(RECORDED DATA)

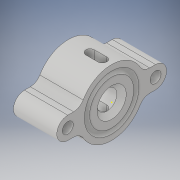
# Autodesk Inventor part: output
Saved by Autodesk Inventor 2018 (Build 220112000, 112)
## iProperties
Created: 2020-03-28
Part Number: output
Material: Generic
Document SubType Name: Modeling
Designer: emile
Density: 1 g/cm^3
Appearance: Default
Author: emile
Title: OUTPUT
Autodesk Inventor part; units mm, degrees
ref_plane "YZ Plane" through (0, 0, 0) normal (1, 0, 0) x (0, 1, 0)
ref_plane "XZ Plane" through (0, 0, 0) normal (0, 1, 0) x (-1, 0, 0)
ref_plane "XY Plane" through (0, 0, 0) normal (0, 0, 1) x (1, 0, 0)
sketch "Sketch2" plane through (0, 0, 0) normal (0, 0, 1) x (1, 0, 0)
  line L0 (-28.55236, 19.05) -> (28.55236, 19.05)
  line L1 (28.55236, 19.05) -> (28.55236, 0)
  line L2 (28.55236, 0) -> (-28.55236, 0)
  line L3 (-28.55236, 0) -> (-28.55236, 19.05)
  line L4 (-6.228741, 5.715) -> (-3.498241, 8.4455)
  line L5 (-6.228741, 5.715) -> (-28.55236, 5.715)
  line L6 (-3.498241, 8.4455) -> (0, 8.4455)
  line L7 (0, 8.4455) -> (0, 0)
  line L8 (0, 8.4455) -> (0, 19.05)
  circle A0 centre (0, 0) radius 7.9375 construction
  line L9 (-2.208873, 9.016447) -> (-4.364135, 6.861186) construction
  circle A1 centre (-3.498241, 14.2875) radius 1.524
  line L10 (-7.59736, 2.2987) -> (-28.55236, 2.2987) construction
  line L11 (-25.37736, 5.715) -> (-25.37736, 2.2987)
  line L12 (-25.37736, 0) -> (-25.37736, 2.2987)
  line L13 (-15.85236, 5.715) -> (-15.85236, 2.2987)
  line L14 (-15.85236, 2.54) -> (-25.37736, 2.54)
  line L15 (-3.498241, 8.4455) -> (-3.498241, 19.05)
  dimension "d37" = 15.875
  dimension "d10" = 19.05
  dimension "d35" = 45
  dimension "d36" = 0.508
  dimension "d38" = 5.715
  dimension "d39" = 8.4455
  dimension "d40" = 3.048
  dimension "d41" = 14.2875
  dimension "d43" = 2.2987
  dimension "d44" = 20.955
  dimension "d45" = 3.175
  dimension "d46" = 9.525
  dimension "d47" = 2.54
  constraints: 32 end point, 11 point on line, 7 perpendicular, 3 parallel, 2 coincident, 2 horizontal, 2 midpoint, 1 centre point, 1 collinear, 1 vertical, 1 vertical alignment, 4 other
  measures "d10" distance between parallel lines of L2 L0
  measures "d35" angle of L6 L4
  measures "d36" distance between parallel lines of L4 L9
  measures "d38" distance between parallel lines of L2 L5
  measures "d39" distance between parallel lines of L2 L6
  measures "d40" diameter of A1
  measures "d41" distance from line of L2 A1.centre
  measures "d43" distance between parallel lines of L2 L10
  measures "d44" distance of L10.start L10.end
  measures "d45" distance between parallel lines of L3 L11
  measures "d46" distance between parallel lines of L11 L13
  measures "d47" distance between parallel lines of L2 L14
sketch "Sketch2 outline for Revolution1" plane through (0, 0, 0) normal (0, 0, 1) x (1, 0, 0)
  line L0 (-28.55236, 0) -> (-25.37736, 0)
  line L1 (-25.37736, 0) -> (-25.37736, 2.54)
  line L2 (-25.37736, 2.54) -> (-15.85236, 2.54)
  line L3 (-15.85236, 2.54) -> (-15.85236, 5.715)
  line L4 (-15.85236, 5.715) -> (-6.228741, 5.715)
  line L5 (-6.228741, 5.715) -> (-3.498241, 8.4455)
  line L6 (-3.498241, 8.4455) -> (-3.498241, 19.05)
  line L7 (-3.498241, 19.05) -> (-28.55236, 19.05)
  line L8 (-28.55236, 19.05) -> (-28.55236, 0)
revolve "Revolution1" add sketch "Sketch2 outline for Revolution1" angle 360 about axis through (28.55236, 0, 0) along (-1, 0, 0)
sketch "Sketch2 outline for Revolution2" plane through (0, 0, 0) normal (0, 0, 1) x (1, 0, 0)
  circle A0 centre (-3.498241, 14.2875) radius 1.524
revolve "Revolution2" cut sketch "Sketch2 outline for Revolution2" angle 360 about axis through (28.55236, 0, 0) along (-1, 0, 0)
sketch "Sketch5" plane through (-15.85236, 0, 0) normal (1, 0, 0) x (0, 0, -1)
  circle A0 centre (0, 0) radius 5.715
  circle A1 centre (0, 0) radius 2.54
  circle A2 centre (0, 4.064) radius 0.79375
  point P0 (0, 0)
  dimension "d48" = 1.5875
  dimension "d49" = 4.064
  constraints: 1 centre point, 1 vertical alignment
  measures "d48" diameter of A2
  measures "d49" distance of A2.centre point (0, 0)
sketch "Sketch5 outline for Extrusion4" plane through (-15.85236, 0, 0) normal (1, 0, 0) x (0, 0, -1)
  circle A0 centre (0, 4.064) radius 0.79375
extrude "Extrusion4" cut sketch "Sketch5 outline for Extrusion4" against normal through all
pattern_circular "Circular Pattern2" count 10 over 360 about axis through (-20.61486, 0, 0) along (1, 0, 0) of "Extrusion4"
sketch "Sketch6" plane through (0, 0, 0) normal (0, 1, 0) x (-1, 0, 0)
  line L0 (6.228741, 5.715) -> (6.228741, -5.715)
  line L1 (15.85236, 5.715) -> (15.85236, -5.715)
  line L2 (15.85236, 2.54) -> (15.85236, -2.54)
  line L3 (25.37736, 2.54) -> (25.37736, -2.54)
  line L4 (22.83736, 0) -> (8.768741, 0) construction
  line L5 (22.83736, -2.54) -> (8.768741, -2.54)
  line L6 (8.768741, 2.54) -> (22.83736, 2.54)
  arc A0 (22.83736, -2.54) -> (22.83736, 2.54) centre (22.83736, 0) ccw
  arc A1 (8.768741, 2.54) -> (8.768741, -2.54) centre (8.768741, 0) ccw
  circle A2 centre (15.803051, 0) radius 2.54
  line L7 (15.803051, 0) -> (8.768741, 0) construction
  line L8 (15.803051, 2.54) -> (8.768741, 2.54)
  line L9 (8.768741, -2.54) -> (15.803051, -2.54)
  arc A3 (15.803051, -2.54) -> (15.803051, 2.54) centre (15.803051, 0) ccw
  arc A4 (8.768741, 2.54) -> (8.768741, -2.54) centre (8.768741, 0) ccw
  point P0 (0, 0)
  point P1 (12.285896, 0)
  point P2 (6.228741, 0)
  constraints: 16 end point, 12 tangent, 10 point on circle, 5 centre point, 2 horizontal, 2 horizontal alignment, 2 midpoint, 2 parallel, 1 coincident
sketch "Sketch6 outline for Extrusion5" plane through (0, 0, 0) normal (0, 1, 0) x (-1, 0, 0)
  arc A0 (15.803051, -2.54) -> (15.803051, 2.54) centre (15.803051, 0) ccw
  line L0 (8.768741, -2.54) -> (15.803051, -2.54)
  arc A1 (6.228741, 0) -> (8.768741, -2.54) centre (8.768741, 0) ccw
  arc A2 (8.768741, 2.54) -> (6.228741, 0) centre (8.768741, 0) ccw
  line L1 (15.803051, 2.54) -> (8.768741, 2.54)
extrude "Extrusion5" cut sketch "Sketch6 outline for Extrusion5" along normal through all both and the other way through all
sketch "Sketch7" plane through (-15.85236, 0, 0) normal (1, 0, 0) x (0, 0, -1)
  arc A0 (2.539521, 2.508544) -> (2.539521, 4.067146) centre (2.388759, 3.287845) ccw
  circle A1 centre (3.865094, 1.255845) radius 0.79375
  circle A2 centre (3.865094, -1.255845) radius 0.79375
  arc A3 (2.539521, -4.067146) -> (2.539521, -2.508544) centre (2.388759, -3.287845) ccw
  arc A4 (-2.539521, -2.508544) -> (-2.539521, -4.067146) centre (-2.388759, -3.287845) ccw
  circle A5 centre (-3.865094, -1.255845) radius 0.79375
  circle A6 centre (-3.865094, 1.255845) radius 0.79375
  arc A7 (-2.539521, 4.067146) -> (-2.539521, 2.508544) centre (-2.388759, 3.287845) ccw
  arc A8 (-2.539521, 5.119771) -> (-2.539521, -5.119771) centre (0, 0) ccw
  arc A9 (2.539521, -5.119771) -> (2.539521, 5.119771) centre (0, 0) ccw
  spline S0 degree 2 poles (0.79375, 4.064) (0.79375, 5.438815) (-0.396875, 4.751408) (-1.5875, 4.064) (-0.396875, 3.376592) (0.79375, 2.689185) (0.79375, 4.064) knots 0 0 0 0.33333333 0.33333333 0.66666667 0.66666667 1 1 1 weights 1 0.5 1 0.5 1 0.5 1
  line L0 (-2.54, -5.119534) -> (-2.54, -18.879907)
  line L1 (-2.54, 18.879907) -> (-2.54, 5.119534)
  arc A10 (2.539521, 0.04931) -> (-2.539521, 0.04931) centre (0, 0) ccw
  line L2 (2.54, -18.879907) -> (2.54, -5.119534)
  line L3 (2.54, 5.119534) -> (2.54, 18.879907)
  line L4 (2.54, -18.879907) -> (2.54, -5.119534)
  line L5 (2.54, 5.119534) -> (2.54, 18.879907)
  arc A11 (-2.539521, -0.04931) -> (2.539521, -0.04931) centre (0, 0) ccw
  line L6 (-2.54, -5.119534) -> (-2.54, -18.879907)
  line L7 (-2.54, 18.879907) -> (-2.54, 5.119534)
  spline S1 degree 2 poles (-0.79375, -4.064) (-0.79375, -5.438815) (0.396875, -4.751408) (1.5875, -4.064) (0.396875, -3.376592) (-0.79375, -2.689185) (-0.79375, -4.064) knots 0 0 0 0.33333333 0.33333333 0.66666667 0.66666667 1 1 1 weights 1 0.5 1 0.5 1 0.5 1
  arc A12 (0, -5.715) -> (0, 5.715) centre (0, 0) ccw
  arc A13 (0, 5.715) -> (0, -5.715) centre (0, 0) ccw
  line L8 (-2.539521, 5.119771) -> (-2.54, 5.119534)
  line L9 (-2.539521, 4.067146) -> (-2.539521, 5.119771)
  line L10 (-2.539521, 0.04931) -> (-2.539521, 2.508544)
  arc A14 (2.539521, 0.04931) -> (-2.539521, 0.04931) centre (0, 0) ccw
  line L11 (2.539521, 2.508544) -> (2.539521, 0.04931)
  line L12 (2.539521, 5.119771) -> (2.539521, 4.067146)
  line L13 (2.54, 5.119534) -> (2.539521, 5.119771)
  line L14 (2.539521, -5.119771) -> (2.54, -5.119534)
  line L15 (2.539521, -4.067146) -> (2.539521, -5.119771)
  line L16 (2.539521, -0.04931) -> (2.539521, -2.508544)
  line L17 (-2.539521, -2.508544) -> (-2.539521, -0.04931)
  line L18 (-2.539521, -5.119771) -> (-2.539521, -4.067146)
  line L19 (-2.54, -5.119534) -> (-2.539521, -5.119771)
  line L20 (-2.539521, 5.119771) -> (-2.54, 5.119534)
  line L21 (-2.539521, 4.067146) -> (-2.539521, 5.119771)
  line L22 (-2.539521, 0.04931) -> (-2.539521, 2.508544)
  line L23 (2.539521, 2.508544) -> (2.539521, 0.04931)
  line L24 (2.539521, 5.119771) -> (2.539521, 4.067146)
  line L25 (2.54, 5.119534) -> (2.539521, 5.119771)
  line L26 (2.539521, -5.119771) -> (2.54, -5.119534)
  line L27 (2.539521, -4.067146) -> (2.539521, -5.119771)
  line L28 (2.539521, -0.04931) -> (2.539521, -2.508544)
  arc A15 (-2.539521, -0.04931) -> (2.539521, -0.04931) centre (0, 0) ccw
  line L29 (-2.539521, -2.508544) -> (-2.539521, -0.04931)
  line L30 (-2.539521, -5.119771) -> (-2.539521, -4.067146)
  line L31 (-2.54, -5.119534) -> (-2.539521, -5.119771)
  line L32 (2.539521, -4.067146) -> (2.539521, -5.119771)
  line L33 (2.539521, 5.119771) -> (2.539521, 4.067146)
  line L34 (2.539521, 2.508544) -> (2.539521, 0.04931)
  arc A16 (2.539521, -0.04931) -> (2.539521, 0.04931) centre (0, 0) ccw
  line L35 (2.539521, -0.04931) -> (2.539521, -2.508544)
  line L36 (-2.539521, -2.508544) -> (-2.539521, -0.04931)
  arc A17 (-2.539521, 0.04931) -> (-2.539521, -0.04931) centre (0, 0) ccw
  line L37 (-2.539521, 0.04931) -> (-2.539521, 2.508544)
  line L38 (-2.539521, 4.067146) -> (-2.539521, 5.119771)
  line L39 (-2.539521, -5.119771) -> (-2.539521, -4.067146)
  point P0 (0, 0)
  point P1 (2.54, -5.119534)
  point P2 (2.54, 5.119534)
  point P3 (-2.54, -5.119534)
  point P4 (-2.54, 5.119534)
  constraints: 8 vertical alignment, 4 horizontal alignment, 2 other
sketch "Sketch7 outline for Extrusion6" plane through (-15.85236, 0, 0) normal (1, 0, 0) x (0, 0, -1)
  circle A0 centre (0, 0) radius 5.715
extrude "Extrusion6" cut sketch "Sketch7 outline for Extrusion6" against normal blind 6.35
sketch "Sketch8" plane through (-25.37736, 0, 0) normal (1, 0, 0) x (0, 0, -1)
  circle A0 centre (0, 0) radius 1.905
  point P0 (0, 0)
  dimension "d59" = 3.81
  constraints: 1 centre point, 1 coincident
  measures "d59" diameter of A0
sketch "Sketch8 outline for Extrusion7" plane through (-25.37736, 0, 0) normal (1, 0, 0) x (0, 0, -1)
  circle A0 centre (0, 0) radius 1.905
extrude "Extrusion7" cut sketch "Sketch8 outline for Extrusion7" against normal through all
sketch "Sketch9" plane through (-3.498241, 0, 0) normal (1, 0, 0) x (0, 0, -1)
  point P0 (0, 0)
sketch "Sketch10" plane through (-3.498241, 0, 0) normal (1, 0, 0) x (0, 0, -1)
  line L0 (-25.4, 6.35) -> (-17.960512, 6.35)
  arc A0 (-25.4, 6.35) -> (-25.4, -6.35) centre (-25.4, 0) ccw
  line L1 (-25.4, -6.35) -> (-17.960512, -6.35)
  circle A1 centre (-25.4, 0) radius 1.5875
  circle A2 centre (0, 0) radius 19.05
  point P0 (0, 0)
sketch "Sketch10 outline for Extrusion8" plane through (-3.498241, 0, 0) normal (1, 0, 0) x (0, 0, -1)
  line L0 (-17.960512, 6.35) -> (-25.4, 6.35)
  arc A0 (-17.960512, -6.35) -> (-17.960512, 6.35) centre (0, 0) cw
  arc A1 (-25.4, 6.35) -> (-25.4, -6.35) centre (-25.4, 0) ccw
  line L1 (-25.4, -6.35) -> (-17.960512, -6.35)
  circle A2 centre (-25.4, 0) radius 1.5875
extrude "Extrusion8" add sketch "Sketch10 outline for Extrusion8" against normal up to surface (25.05412 mm away)
fillet "Fillet3" radius 6.35 2 edges at (-16.0253, -6.35, 17.9605) (-16.0253, 6.35, 17.9605)
pattern_circular "Circular Pattern3" count 2 over 360 about axis through (-16.025301, 0, 0) along (1, 0, 0) of "Extrusion8", "Fillet3"
sketch "Sketch11" plane through (-3.498241, 0, 25.4) normal (1, 0, 0) x (0, 0, -1)
  circle A0 centre (50.8, 0) radius 1.5875
  circle A1 centre (0, 0) radius 1.5875
  circle A2 centre (25.4, 0) radius 15.8115
  arc A3 (8.902216, -9.525) -> (41.897784, -9.525) centre (25.4, 0) ccw
  arc A4 (47.397045, -6.35) -> (41.897784, -9.525) centre (47.397045, -12.7) ccw
  line L0 (47.397045, -6.35) -> (50.8, -6.35)
  arc A5 (50.8, -6.35) -> (50.8, 6.35) centre (50.8, 0) ccw
  line L1 (50.8, 6.35) -> (47.397045, 6.35)
  arc A6 (41.897784, 9.525) -> (47.397045, 6.35) centre (47.397045, 12.7) ccw
  arc A7 (41.897784, 9.525) -> (8.902216, 9.525) centre (25.4, 0) ccw
  arc A8 (3.402955, 6.35) -> (8.902216, 9.525) centre (3.402955, 12.7) ccw
  line L2 (3.402955, 6.35) -> (0, 6.35)
  arc A9 (0, 6.35) -> (0, -6.35) centre (0, 0) ccw
  line L3 (0, -6.35) -> (3.402955, -6.35)
  arc A10 (8.902216, -9.525) -> (3.402955, -6.35) centre (3.402955, -12.7) ccw
  circle A11 centre (0, 0) radius 3.175
  circle A12 centre (50.8, 0) radius 3.175
  point P0 (25.4, 0)
  dimension "d69" = 6.35
  constraints: 2 centre point, 2 coincident, 1 equal radius
  measures "d69" diameter of A11
sketch "Sketch11 outline for Extrusion9" plane through (-3.498241, 0, 25.4) normal (1, 0, 0) x (0, 0, -1)
  circle A0 centre (0, 0) radius 3.175
  circle A1 centre (0, 0) radius 1.5875
  circle A2 centre (50.8, 0) radius 3.175
  circle A3 centre (50.8, 0) radius 1.5875
extrude "Extrusion9" cut sketch "Sketch11 outline for Extrusion9" against normal through all
body "Solid2"

(End RECORDED DATA)

> _DESCRIPTION OF THE TASK_: Could you reproduce exactly the lines of the entries above, from the one with "constraints: 8 vertical" through the one with "(-16.0253, 6.35, 17.9605)", and nothing else?

> _SOLUTION FOR THIS TASK_:
  constraints: 8 vertical alignment, 4 horizontal alignment, 2 other
sketch "Sketch7 outline for Extrusion6" plane through (-15.85236, 0, 0) normal (1, 0, 0) x (0, 0, -1)
  circle A0 centre (0, 0) radius 5.715
extrude "Extrusion6" cut sketch "Sketch7 outline for Extrusion6" against normal blind 6.35
sketch "Sketch8" plane through (-25.37736, 0, 0) normal (1, 0, 0) x (0, 0, -1)
  circle A0 centre (0, 0) radius 1.905
  point P0 (0, 0)
  dimension "d59" = 3.81
  constraints: 1 centre point, 1 coincident
  measures "d59" diameter of A0
sketch "Sketch8 outline for Extrusion7" plane through (-25.37736, 0, 0) normal (1, 0, 0) x (0, 0, -1)
  circle A0 centre (0, 0) radius 1.905
extrude "Extrusion7" cut sketch "Sketch8 outline for Extrusion7" against normal through all
sketch "Sketch9" plane through (-3.498241, 0, 0) normal (1, 0, 0) x (0, 0, -1)
  point P0 (0, 0)
sketch "Sketch10" plane through (-3.498241, 0, 0) normal (1, 0, 0) x (0, 0, -1)
  line L0 (-25.4, 6.35) -> (-17.960512, 6.35)
  arc A0 (-25.4, 6.35) -> (-25.4, -6.35) centre (-25.4, 0) ccw
  line L1 (-25.4, -6.35) -> (-17.960512, -6.35)
  circle A1 centre (-25.4, 0) radius 1.5875
  circle A2 centre (0, 0) radius 19.05
  point P0 (0, 0)
sketch "Sketch10 outline for Extrusion8" plane through (-3.498241, 0, 0) normal (1, 0, 0) x (0, 0, -1)
  line L0 (-17.960512, 6.35) -> (-25.4, 6.35)
  arc A0 (-17.960512, -6.35) -> (-17.960512, 6.35) centre (0, 0) cw
  arc A1 (-25.4, 6.35) -> (-25.4, -6.35) centre (-25.4, 0) ccw
  line L1 (-25.4, -6.35) -> (-17.960512, -6.35)
  circle A2 centre (-25.4, 0) radius 1.5875
extrude "Extrusion8" add sketch "Sketch10 outline for Extrusion8" against normal up to surface (25.05412 mm away)
fillet "Fillet3" radius 6.35 2 edges at (-16.0253, -6.35, 17.9605) (-16.0253, 6.35, 17.9605)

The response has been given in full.